• Your instructions
In the data below, which lines hold "Subsystem"? Copy every one.

=== Records to process ===

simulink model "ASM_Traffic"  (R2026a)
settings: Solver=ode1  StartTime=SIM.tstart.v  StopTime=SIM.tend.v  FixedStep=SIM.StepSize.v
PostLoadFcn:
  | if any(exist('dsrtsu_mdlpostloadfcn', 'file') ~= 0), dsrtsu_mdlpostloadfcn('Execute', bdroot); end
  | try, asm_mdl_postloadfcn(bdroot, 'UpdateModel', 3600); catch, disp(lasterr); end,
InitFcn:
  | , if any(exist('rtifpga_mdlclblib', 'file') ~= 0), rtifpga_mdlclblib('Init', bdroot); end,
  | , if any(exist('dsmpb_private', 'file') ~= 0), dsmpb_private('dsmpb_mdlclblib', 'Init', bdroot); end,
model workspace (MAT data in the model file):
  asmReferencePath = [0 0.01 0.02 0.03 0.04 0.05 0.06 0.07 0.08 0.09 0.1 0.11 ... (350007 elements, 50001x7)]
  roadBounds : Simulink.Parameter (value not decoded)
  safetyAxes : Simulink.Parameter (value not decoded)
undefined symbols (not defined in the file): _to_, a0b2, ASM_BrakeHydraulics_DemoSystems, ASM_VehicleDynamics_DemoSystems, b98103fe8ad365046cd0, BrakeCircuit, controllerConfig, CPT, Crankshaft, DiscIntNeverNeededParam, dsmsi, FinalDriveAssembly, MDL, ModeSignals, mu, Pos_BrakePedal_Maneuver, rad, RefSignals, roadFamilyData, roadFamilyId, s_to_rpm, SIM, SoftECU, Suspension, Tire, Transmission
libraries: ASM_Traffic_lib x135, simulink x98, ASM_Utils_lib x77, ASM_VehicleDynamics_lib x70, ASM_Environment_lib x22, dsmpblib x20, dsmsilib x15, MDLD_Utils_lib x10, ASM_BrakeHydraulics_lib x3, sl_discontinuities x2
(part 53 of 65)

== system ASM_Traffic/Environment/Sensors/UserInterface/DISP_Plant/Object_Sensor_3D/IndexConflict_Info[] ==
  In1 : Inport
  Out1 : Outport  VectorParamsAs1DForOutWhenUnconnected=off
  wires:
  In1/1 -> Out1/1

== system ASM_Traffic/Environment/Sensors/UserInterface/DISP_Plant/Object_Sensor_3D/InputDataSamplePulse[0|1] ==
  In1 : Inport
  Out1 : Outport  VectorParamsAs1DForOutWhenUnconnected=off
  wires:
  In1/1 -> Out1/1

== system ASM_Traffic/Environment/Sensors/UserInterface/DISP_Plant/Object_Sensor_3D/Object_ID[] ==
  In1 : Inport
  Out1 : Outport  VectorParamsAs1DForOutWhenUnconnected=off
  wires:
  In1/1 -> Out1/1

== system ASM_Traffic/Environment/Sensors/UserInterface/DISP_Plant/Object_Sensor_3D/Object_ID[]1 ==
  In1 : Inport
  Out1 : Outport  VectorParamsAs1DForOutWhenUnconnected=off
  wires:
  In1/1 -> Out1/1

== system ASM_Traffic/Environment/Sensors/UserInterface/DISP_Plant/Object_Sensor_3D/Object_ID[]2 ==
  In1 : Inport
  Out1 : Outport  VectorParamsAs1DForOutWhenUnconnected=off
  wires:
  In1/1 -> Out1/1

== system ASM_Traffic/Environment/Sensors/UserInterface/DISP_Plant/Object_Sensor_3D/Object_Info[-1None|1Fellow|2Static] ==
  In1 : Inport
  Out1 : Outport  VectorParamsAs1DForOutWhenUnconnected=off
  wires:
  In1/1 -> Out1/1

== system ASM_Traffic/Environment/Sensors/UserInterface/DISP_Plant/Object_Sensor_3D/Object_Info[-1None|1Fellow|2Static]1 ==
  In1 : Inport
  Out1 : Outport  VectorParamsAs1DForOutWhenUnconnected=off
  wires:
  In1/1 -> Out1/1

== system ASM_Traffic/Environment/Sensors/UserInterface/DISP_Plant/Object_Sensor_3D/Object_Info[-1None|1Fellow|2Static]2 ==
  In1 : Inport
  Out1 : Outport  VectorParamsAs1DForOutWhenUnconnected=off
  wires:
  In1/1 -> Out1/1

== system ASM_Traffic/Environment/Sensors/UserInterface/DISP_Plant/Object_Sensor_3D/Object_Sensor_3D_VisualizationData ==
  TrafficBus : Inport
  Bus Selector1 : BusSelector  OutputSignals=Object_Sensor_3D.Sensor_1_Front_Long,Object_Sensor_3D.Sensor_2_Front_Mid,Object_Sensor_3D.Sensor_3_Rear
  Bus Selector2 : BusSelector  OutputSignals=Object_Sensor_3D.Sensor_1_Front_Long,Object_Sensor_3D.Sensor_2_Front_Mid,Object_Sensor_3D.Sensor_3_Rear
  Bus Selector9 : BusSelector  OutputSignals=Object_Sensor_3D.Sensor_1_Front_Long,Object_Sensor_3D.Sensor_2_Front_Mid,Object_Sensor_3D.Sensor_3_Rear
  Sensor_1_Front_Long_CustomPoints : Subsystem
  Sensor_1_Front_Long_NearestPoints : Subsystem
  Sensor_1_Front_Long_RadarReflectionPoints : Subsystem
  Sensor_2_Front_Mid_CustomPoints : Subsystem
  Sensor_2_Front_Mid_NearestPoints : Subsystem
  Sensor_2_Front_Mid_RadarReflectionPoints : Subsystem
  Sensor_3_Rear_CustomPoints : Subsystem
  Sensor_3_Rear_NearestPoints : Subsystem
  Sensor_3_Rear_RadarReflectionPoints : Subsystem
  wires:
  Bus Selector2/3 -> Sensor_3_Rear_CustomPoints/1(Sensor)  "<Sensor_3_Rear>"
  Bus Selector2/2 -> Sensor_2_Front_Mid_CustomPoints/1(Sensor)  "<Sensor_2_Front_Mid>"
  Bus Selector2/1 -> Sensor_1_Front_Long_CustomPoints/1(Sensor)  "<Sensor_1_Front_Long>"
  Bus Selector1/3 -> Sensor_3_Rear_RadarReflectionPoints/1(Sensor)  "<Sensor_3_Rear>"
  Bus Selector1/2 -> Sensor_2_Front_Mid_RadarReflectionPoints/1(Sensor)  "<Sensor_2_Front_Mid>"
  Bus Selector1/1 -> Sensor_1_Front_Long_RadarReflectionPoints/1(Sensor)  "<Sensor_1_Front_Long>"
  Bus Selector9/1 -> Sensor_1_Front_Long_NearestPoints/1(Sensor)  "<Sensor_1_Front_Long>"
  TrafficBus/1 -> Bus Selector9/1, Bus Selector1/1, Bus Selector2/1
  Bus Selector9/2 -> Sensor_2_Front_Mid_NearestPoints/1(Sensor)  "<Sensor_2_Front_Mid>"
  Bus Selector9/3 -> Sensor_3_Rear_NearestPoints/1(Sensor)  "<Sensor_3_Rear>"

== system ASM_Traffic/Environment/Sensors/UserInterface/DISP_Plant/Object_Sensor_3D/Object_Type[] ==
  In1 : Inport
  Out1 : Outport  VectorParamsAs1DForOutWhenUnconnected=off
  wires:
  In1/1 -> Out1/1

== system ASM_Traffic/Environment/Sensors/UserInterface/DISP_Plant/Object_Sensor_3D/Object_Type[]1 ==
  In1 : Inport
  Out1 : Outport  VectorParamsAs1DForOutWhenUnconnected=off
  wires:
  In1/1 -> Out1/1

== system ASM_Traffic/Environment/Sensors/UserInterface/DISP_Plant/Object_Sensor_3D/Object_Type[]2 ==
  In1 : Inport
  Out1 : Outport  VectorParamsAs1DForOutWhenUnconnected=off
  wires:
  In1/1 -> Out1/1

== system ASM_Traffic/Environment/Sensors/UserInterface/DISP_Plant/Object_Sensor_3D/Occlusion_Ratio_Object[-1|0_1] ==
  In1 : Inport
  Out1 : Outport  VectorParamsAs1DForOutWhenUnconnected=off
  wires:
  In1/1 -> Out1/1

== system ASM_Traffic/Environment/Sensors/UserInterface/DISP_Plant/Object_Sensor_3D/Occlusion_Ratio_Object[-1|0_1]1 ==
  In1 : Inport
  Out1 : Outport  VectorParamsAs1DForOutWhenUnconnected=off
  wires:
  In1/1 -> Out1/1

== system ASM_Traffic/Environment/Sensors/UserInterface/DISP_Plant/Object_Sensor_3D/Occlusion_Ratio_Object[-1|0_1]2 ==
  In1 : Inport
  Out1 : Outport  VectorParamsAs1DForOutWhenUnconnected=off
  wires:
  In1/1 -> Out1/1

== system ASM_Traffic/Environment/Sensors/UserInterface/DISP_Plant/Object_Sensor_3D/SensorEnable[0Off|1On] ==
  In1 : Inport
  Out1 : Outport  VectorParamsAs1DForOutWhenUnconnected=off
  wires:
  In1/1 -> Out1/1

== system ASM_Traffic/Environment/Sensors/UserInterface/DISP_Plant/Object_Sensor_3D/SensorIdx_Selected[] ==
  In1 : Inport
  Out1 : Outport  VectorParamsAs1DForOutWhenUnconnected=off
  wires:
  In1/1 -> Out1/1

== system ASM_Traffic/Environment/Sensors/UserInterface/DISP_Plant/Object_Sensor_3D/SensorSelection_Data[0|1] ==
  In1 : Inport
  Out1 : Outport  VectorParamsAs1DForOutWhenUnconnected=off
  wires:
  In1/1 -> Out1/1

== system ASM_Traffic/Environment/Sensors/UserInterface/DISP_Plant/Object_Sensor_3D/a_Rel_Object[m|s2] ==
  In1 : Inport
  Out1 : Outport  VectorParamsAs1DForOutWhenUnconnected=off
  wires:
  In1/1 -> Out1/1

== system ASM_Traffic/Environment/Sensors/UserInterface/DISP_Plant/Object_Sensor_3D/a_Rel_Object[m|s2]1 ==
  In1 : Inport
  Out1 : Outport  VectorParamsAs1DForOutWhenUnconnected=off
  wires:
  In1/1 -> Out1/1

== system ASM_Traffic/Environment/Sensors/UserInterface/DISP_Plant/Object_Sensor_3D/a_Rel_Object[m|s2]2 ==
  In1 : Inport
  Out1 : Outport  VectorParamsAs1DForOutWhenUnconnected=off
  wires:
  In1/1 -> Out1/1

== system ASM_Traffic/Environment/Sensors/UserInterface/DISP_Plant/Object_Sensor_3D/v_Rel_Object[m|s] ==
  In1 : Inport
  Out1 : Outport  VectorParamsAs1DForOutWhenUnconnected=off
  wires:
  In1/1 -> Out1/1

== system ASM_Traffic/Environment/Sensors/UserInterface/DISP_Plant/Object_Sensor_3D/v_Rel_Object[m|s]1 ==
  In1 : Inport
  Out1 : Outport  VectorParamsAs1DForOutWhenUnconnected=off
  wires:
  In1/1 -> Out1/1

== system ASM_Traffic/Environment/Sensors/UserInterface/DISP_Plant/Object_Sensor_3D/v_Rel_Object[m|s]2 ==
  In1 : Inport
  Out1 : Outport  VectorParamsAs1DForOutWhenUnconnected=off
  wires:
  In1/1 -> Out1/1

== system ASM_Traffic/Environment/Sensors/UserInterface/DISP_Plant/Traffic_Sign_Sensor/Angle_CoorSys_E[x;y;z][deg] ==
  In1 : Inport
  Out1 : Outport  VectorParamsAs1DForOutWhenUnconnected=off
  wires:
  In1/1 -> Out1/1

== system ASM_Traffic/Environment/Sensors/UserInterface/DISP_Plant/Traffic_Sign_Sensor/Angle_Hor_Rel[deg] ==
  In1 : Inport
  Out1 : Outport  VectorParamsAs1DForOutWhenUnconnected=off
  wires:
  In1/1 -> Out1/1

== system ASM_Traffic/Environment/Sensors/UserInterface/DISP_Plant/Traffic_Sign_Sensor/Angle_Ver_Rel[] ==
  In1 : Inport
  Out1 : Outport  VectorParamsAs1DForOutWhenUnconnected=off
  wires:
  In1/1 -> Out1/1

===

• Answer to this exercise
  Sensor_1_Front_Long_CustomPoints : Subsystem
  Sensor_1_Front_Long_NearestPoints : Subsystem
  Sensor_1_Front_Long_RadarReflectionPoints : Subsystem
  Sensor_2_Front_Mid_CustomPoints : Subsystem
  Sensor_2_Front_Mid_NearestPoints : Subsystem
  Sensor_2_Front_Mid_RadarReflectionPoints : Subsystem
  Sensor_3_Rear_CustomPoints : Subsystem
  Sensor_3_Rear_NearestPoints : Subsystem
  Sensor_3_Rear_RadarReflectionPoints : Subsystem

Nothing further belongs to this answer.